Isotonic regression is a regression technique in which the predictor variable is monotonically
related to the target variable. This means that as the value of the predictor variable increases,
the value of the target variable either increases or decreases in a consistent, non-oscillating
manner.
Mathematically, isotonic regression can be formulated as an optimization problem in which
the goal is to find a monotonic function that minimizes the sum of the squared errors between
the predicted and observed values of the target variable.
Applications of Isotonic Regression
Isotonic regression has a number of applications, including:
● Calibration of predicted probabilities: Isotonic regression can be used to adjust the
predicted probabilities produced by a classifier so that they are more accurately
calibrated to the true probabilities.
● Ordinal regression: Isotonic regression can be used to model ordinal variables, which
are variables that can be ranked in order (e.g., “low,” “medium,” and “high”).

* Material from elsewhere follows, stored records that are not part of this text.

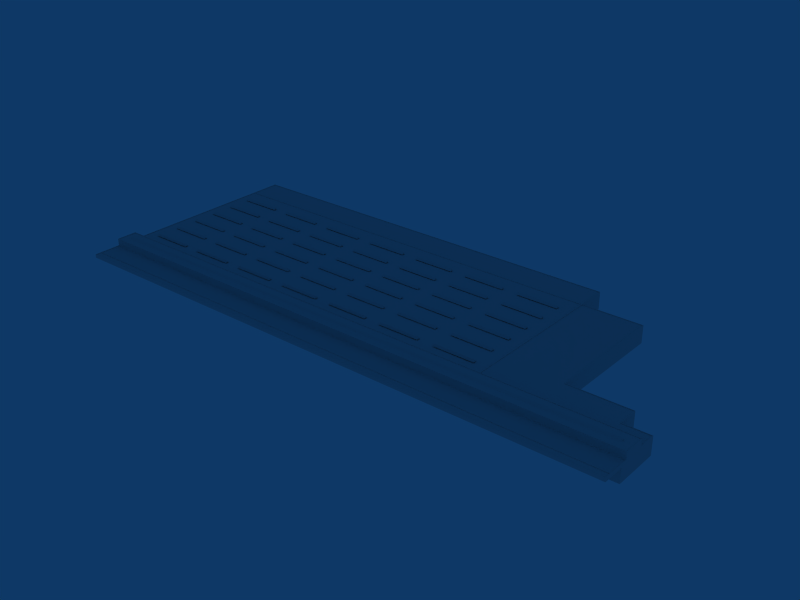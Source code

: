 # Source: ebbr_building_ref_111.blend  (saved by Blender 2.79.0; exported with 4.5.12 LTS)
import bpy
from mathutils import Matrix  # noqa: F401  (used for matrix-valued properties, if any)

bpy.ops.wm.read_factory_settings(use_empty=True)
scene = bpy.context.scene
scene.name = 'Scene'

# ---- collections
col_collection_1 = bpy.data.collections.new('Collection 1'); scene.collection.children.link(col_collection_1)

# ---- materials (node trees are filled in below, after node groups)
mat_material = bpy.data.materials.new('Material')
mat_material.alpha_threshold = 0.0
mat_material.preview_render_type = 'FLAT'
mat_material.roughness = 0.5
mat_material.specular_intensity = 0.0
mat_material.line_color = (0.0, 0.0, 0.0, 1.0)

# ---- material node trees

# ---- world
world_world = bpy.data.worlds.new('World'); scene.world = world_world
world_world.color = (0.05656, 0.2208, 0.4)
world_world.use_sun_shadow = False
world_world.sun_shadow_jitter_overblur = 0.0
world_world.cycles.sampling_method = 'NONE'
world_world.cycles.sample_map_resolution = 256

# ---- meshes
me_cube_002 = bpy.data.meshes.new('Cube.002')
me_cube_002.from_pydata([(12.0, 0.0, 0.0), (12.0, 1.0, -1.0), (-12.0, 1.0, -1.0), (-12.0, 0.0, 0.0), (12.0, -1.0, -1.0), (-12.0, -1.0, -1.0)], [], [(0, 1, 2, 3), (0, 3, 5, 4), (0, 4, 1), (2, 5, 3)])
_uv = me_cube_002.uv_layers.new(name='UVTex')
_uv.uv.foreach_set('vector', [0.5312, 0.03125, 0.7188, 0.03125, 0.7188, 0.2188, 0.5312, 0.2188, 0.5312, 0.03125, 0.7188, 0.03125, 0.7188, 0.2188, 0.5312, 0.2188, 0.5312, 0.03125, 0.7188, 0.03125, 0.7188, 0.2188, 0.5312, 0.03125, 0.7188, 0.03125, 0.7188, 0.2188])
me_cube_002.materials.append(mat_material)
me_cube_002.use_remesh_preserve_volume = False
me_cube_002.use_remesh_preserve_attributes = False
me_cube_002.use_mirror_vertex_groups = False
me_cube_002.update()
me_cube = bpy.data.meshes.new('Cube')
me_cube.from_pydata([(156.8, 0.0, 0.0), (156.8, -1.0, -1.0), (-156.8, -1.0, -1.0), (-156.8, 0.0, 0.0), (156.8, -1.0, 1.0), (-156.8, -1.0, 1.0)], [], [(0, 1, 2, 3), (0, 3, 5, 4), (0, 4, 1), (2, 5, 3)])
_uv = me_cube.uv_layers.new(name='UVTex')
_uv.uv.foreach_set('vector', [0.5312, 0.03125, 0.7188, 0.03125, 0.7188, 0.2188, 0.5312, 0.2188, 0.5312, 0.03125, 0.7188, 0.03125, 0.7188, 0.2188, 0.5312, 0.2188, 0.5312, 0.03125, 0.7188, 0.03125, 0.7188, 0.2188, 0.5312, 0.03125, 0.7188, 0.03125, 0.7188, 0.2188])
me_cube.materials.append(mat_material)
me_cube.use_remesh_preserve_volume = False
me_cube.use_remesh_preserve_attributes = False
me_cube.use_mirror_vertex_groups = False
me_cube.update()
me_cube_001 = bpy.data.meshes.new('Cube.001')
me_cube_001.from_pydata([(162.1, -62.44, 7.0), (162.1, -66.44, 7.0), (-162.1, -66.44, 7.0), (-162.1, -62.44, 7.0), (162.1, -66.44, 9.0), (-162.1, -66.44, 9.0), (-162.1, -62.44, 9.0), (161.8, -62.74, 9.0), (-161.8, -62.74, 9.0), (-161.8, -66.15, 9.0), (161.8, -66.15, 9.0), (161.8, -66.15, 8.7), (161.8, -62.74, 8.7), (-161.8, -66.15, 8.7), (-161.8, -62.74, 8.7), (112.1, -62.44, 7.0), (77.08, -62.44, 7.0), (77.08, -62.44, 9.0), (112.1, -62.44, 9.0), (147.1, -62.44, 9.0), (147.1, -62.44, 7.0), (162.1, -62.44, 9.0), (112.1, -53.99, 7.0), (147.1, -53.99, 7.0), (77.08, -53.99, 7.0), (-162.1, -53.99, 7.0), (162.1, -53.99, 7.0), (147.1, -53.99, -1.0), (112.1, -53.99, -1.0), (77.08, -53.99, -1.0), (-162.1, -53.99, -1.0), (162.1, -53.99, -1.0), (162.1, -50.49, 7.0), (162.1, -50.49, -1.0), (162.1, -53.99, 9.0), (-162.1, -50.49, 7.0), (-162.1, -50.49, -1.0), (-162.1, -53.99, 9.0), (-162.1, 72.51, -1.0), (-162.1, 72.51, 9.0), (77.08, 72.51, -1.0), (77.08, 72.51, 9.0), (-162.1, 54.49, -1.0), (-162.1, 54.49, 9.0), (112.1, 54.49, -1.0), (112.1, 54.49, 9.0), (77.08, 54.49, -1.0), (77.08, 54.49, 9.0), (162.1, -28.26, -1.0), (-162.1, -28.26, -1.0), (162.1, -28.26, 9.0), (-162.1, -28.26, 9.0), (147.1, -28.26, -1.0), (147.1, -28.26, 9.0), (77.08, -28.26, 9.0), (-162.1, -16.26, -1.0), (-162.1, -16.26, 9.0), (147.1, -16.26, -1.0), (147.1, -16.26, 9.0), (112.1, -16.26, -1.0), (112.1, -16.26, 9.0), (77.08, -16.26, 9.0), (162.1, -50.49, 9.0), (-162.1, -50.49, 9.0), (147.1, -50.49, 9.0), (112.1, -50.49, 9.0), (77.08, -50.49, 9.0), (162.1, -38.49, -1.0), (-162.1, -38.49, -1.0), (162.1, -38.49, 9.0), (-162.1, -38.49, 9.0), (147.1, -38.49, 9.0), (112.1, -38.49, 9.0), (77.08, -38.49, 9.0), (-162.1, -38.49, 13.0), (77.08, -38.49, 13.0), (112.1, -38.49, 13.0), (147.1, -38.49, 13.0), (162.1, -38.49, 13.0), (-162.1, -50.49, 13.0), (162.1, -50.49, 13.0), (77.08, -50.49, 13.0), (112.1, -50.49, 13.0), (147.1, -50.49, 13.0), (-161.8, -50.81, 9.0), (77.08, -50.81, 9.0), (112.1, -50.81, 9.0), (147.1, -50.81, 9.0), (161.8, -50.81, 9.0), (-161.8, -62.13, 9.0), (161.8, -62.13, 9.0), (77.08, -62.13, 9.0), (112.1, -62.13, 9.0), (147.1, -62.13, 9.0), (147.1, -62.13, 8.7), (161.8, -62.13, 8.7), (112.1, -62.13, 8.7), (77.06, -62.13, 8.7), (-161.8, -62.13, 8.7), (161.8, -50.81, 8.7), (-161.8, -50.81, 8.7), (147.1, -50.81, 8.7), (112.1, -50.81, 8.7), (77.06, -50.81, 8.7), (162.0, -50.21, 13.0), (147.1, -50.21, 13.0), (112.1, -50.21, 13.0), (77.08, -50.21, 13.0), (-161.8, -50.21, 13.0), (162.0, -38.77, 13.0), (-161.8, -38.77, 13.0), (147.1, -38.77, 13.0), (112.1, -38.77, 13.0), (77.08, -38.77, 13.0), (-161.8, -38.77, 12.7), (77.08, -38.77, 12.7), (112.1, -38.77, 12.7), (147.1, -38.77, 12.7), (162.0, -38.77, 12.7), (-161.8, -50.21, 12.7), (162.0, -50.21, 12.7), (77.08, -50.21, 12.7), (112.1, -50.21, 12.7), (147.1, -50.21, 12.7), (-161.8, -38.2, 9.0), (76.78, -38.2, 9.0), (76.78, -28.26, 9.0), (-161.8, -28.26, 9.0), (76.78, -16.26, 9.0), (76.78, 54.18, 9.0), (-161.8, 54.18, 9.0), (-161.8, -16.26, 9.0), (76.78, 54.18, 8.7), (-161.8, 54.18, 8.7), (-161.8, -28.26, 8.7), (-161.8, -16.26, 8.7), (76.78, -16.26, 8.7), (76.78, -28.26, 8.7), (-161.8, -38.2, 8.7), (76.78, -38.2, 8.7), (-161.8, 54.8, 9.0), (76.78, 54.8, 9.0), (76.78, 72.2, 9.0), (-161.8, 72.2, 9.0), (76.78, 72.2, 8.7), (-161.8, 72.2, 8.7), (-161.8, 54.8, 8.7), (76.78, 54.8, 8.7), (111.8, -38.2, 9.0), (77.38, -38.2, 9.0), (146.8, -38.2, 9.0), (161.8, -38.2, 9.0), (77.38, -28.57, 9.0), (161.8, -28.57, 9.0), (146.8, -16.57, 9.0), (111.8, -16.57, 9.0), (77.38, -16.57, 9.0), (77.38, 54.19, 9.0), (111.8, 54.19, 9.0), (146.8, -28.57, 9.0), (77.38, 54.19, 8.7), (111.8, 54.19, 8.7), (161.8, -28.57, 8.7), (146.8, -28.57, 8.7), (146.8, -16.57, 8.7), (111.8, -16.57, 8.7), (77.38, -16.57, 8.7), (77.38, -28.57, 8.7), (161.8, -38.2, 8.7), (77.38, -38.2, 8.7), (146.8, -38.2, 8.7), (111.8, -38.2, 8.7), (111.8, -28.57, 8.7)], [], [(0, 1, 2, 3), (0, 21, 4, 1), (1, 4, 5, 2), (2, 5, 6, 3), (21, 6, 8, 7), (6, 5, 9, 8), (5, 4, 10, 9), (4, 21, 7, 10), (10, 7, 12, 11), (9, 10, 11, 13), (8, 9, 13, 14), (7, 8, 14, 12), (12, 14, 13, 11), (18, 15, 20, 19), (15, 18, 17, 16), (20, 0, 21, 19), (20, 15, 22, 23), (15, 16, 24, 22), (16, 3, 25, 24), (0, 20, 23, 26), (23, 22, 28, 27), (22, 24, 29, 28), (24, 25, 30, 29), (26, 23, 27, 31), (26, 31, 33, 32), (0, 26, 34, 21), (26, 32, 62, 34), (30, 25, 35, 36), (25, 3, 6, 37), (35, 25, 37, 63), (40, 38, 39, 41), (38, 42, 43, 39), (51, 56, 55, 49), (56, 43, 42, 55), (52, 57, 58, 53), (50, 48, 52, 53), (44, 45, 60, 59), (59, 60, 58, 57), (44, 46, 47, 45), (40, 41, 47, 46), (50, 69, 67, 48), (69, 62, 33, 67), (63, 70, 68, 36), (70, 51, 49, 68), (73, 70, 74, 75), (72, 73, 75, 76), (71, 72, 76, 77), (69, 71, 77, 78), (70, 63, 79, 74), (62, 69, 78, 80), (63, 66, 81, 79), (66, 65, 82, 81), (65, 64, 83, 82), (64, 62, 80, 83), (66, 63, 84, 85), (65, 66, 85, 86), (64, 65, 86, 87), (62, 64, 87, 88), (63, 6, 89, 84), (21, 62, 88, 90), (6, 17, 91, 89), (17, 18, 92, 91), (18, 19, 93, 92), (19, 21, 90, 93), (93, 90, 95, 94), (92, 93, 94, 96), (91, 92, 96, 97), (89, 91, 97, 98), (90, 88, 99, 95), (84, 89, 98, 100), (88, 87, 101, 99), (87, 86, 102, 101), (86, 85, 103, 102), (85, 84, 100, 103), (101, 94, 95, 99), (102, 96, 94, 101), (103, 97, 96, 102), (100, 98, 97, 103), (83, 80, 104, 105), (82, 83, 105, 106), (81, 82, 106, 107), (79, 81, 107, 108), (80, 78, 109, 104), (74, 79, 108, 110), (78, 77, 111, 109), (77, 76, 112, 111), (76, 75, 113, 112), (75, 74, 110, 113), (113, 110, 114, 115), (112, 113, 115, 116), (111, 112, 116, 117), (109, 111, 117, 118), (110, 108, 119, 114), (104, 109, 118, 120), (108, 107, 121, 119), (107, 106, 122, 121), (106, 105, 123, 122), (105, 104, 120, 123), (114, 119, 121, 115), (115, 121, 122, 116), (116, 122, 123, 117), (117, 123, 120, 118), (70, 73, 125, 124), (73, 54, 126, 125), (51, 70, 124, 127), (54, 61, 128, 126), (61, 47, 129, 128), (43, 56, 131, 130), (56, 51, 127, 131), (47, 43, 130, 129), (129, 130, 133, 132), (131, 127, 134, 135), (130, 131, 135, 133), (128, 129, 132, 136), (126, 128, 136, 137), (127, 124, 138, 134), (125, 126, 137, 139), (124, 125, 139, 138), (133, 135, 136, 132), (135, 134, 137, 136), (134, 138, 139, 137), (43, 47, 141, 140), (47, 41, 142, 141), (39, 43, 140, 143), (41, 39, 143, 142), (142, 143, 145, 144), (143, 140, 146, 145), (141, 142, 144, 147), (140, 141, 147, 146), (145, 146, 147, 144), (73, 72, 148, 149), (72, 71, 150, 148), (71, 69, 151, 150), (54, 73, 149, 152), (69, 50, 153, 151), (58, 60, 155, 154), (61, 54, 152, 156), (47, 61, 156, 157), (60, 45, 158, 155), (53, 58, 154, 159), (50, 53, 159, 153), (45, 47, 157, 158), (158, 157, 160, 161), (153, 159, 163, 162), (159, 154, 164, 163), (155, 158, 161, 165), (157, 156, 166, 160), (156, 152, 167, 166), (154, 155, 165, 164), (151, 153, 162, 168), (152, 149, 169, 167), (150, 151, 168, 170), (148, 150, 170, 171), (149, 148, 171, 169), (165, 172, 163, 164), (160, 166, 165, 161), (166, 167, 172, 165), (163, 170, 168, 162), (172, 171, 170, 163), (167, 169, 171, 172)])
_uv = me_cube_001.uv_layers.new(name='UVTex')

● Non-parametric regression: Because isotonic regression does not make any
assumptions about the functional form of the relationship between the predictor and
target variables, it can be used as a non-parametric regression method.
● Imputing missing values: Isotonic regression can be used to impute missing values in
a dataset by predicting the missing values based on the surrounding non-missing
values.
● Outlier detection: Isotonic regression can be used to identify outliers in a dataset by
identifying points that are significantly different from the overall trend of the data.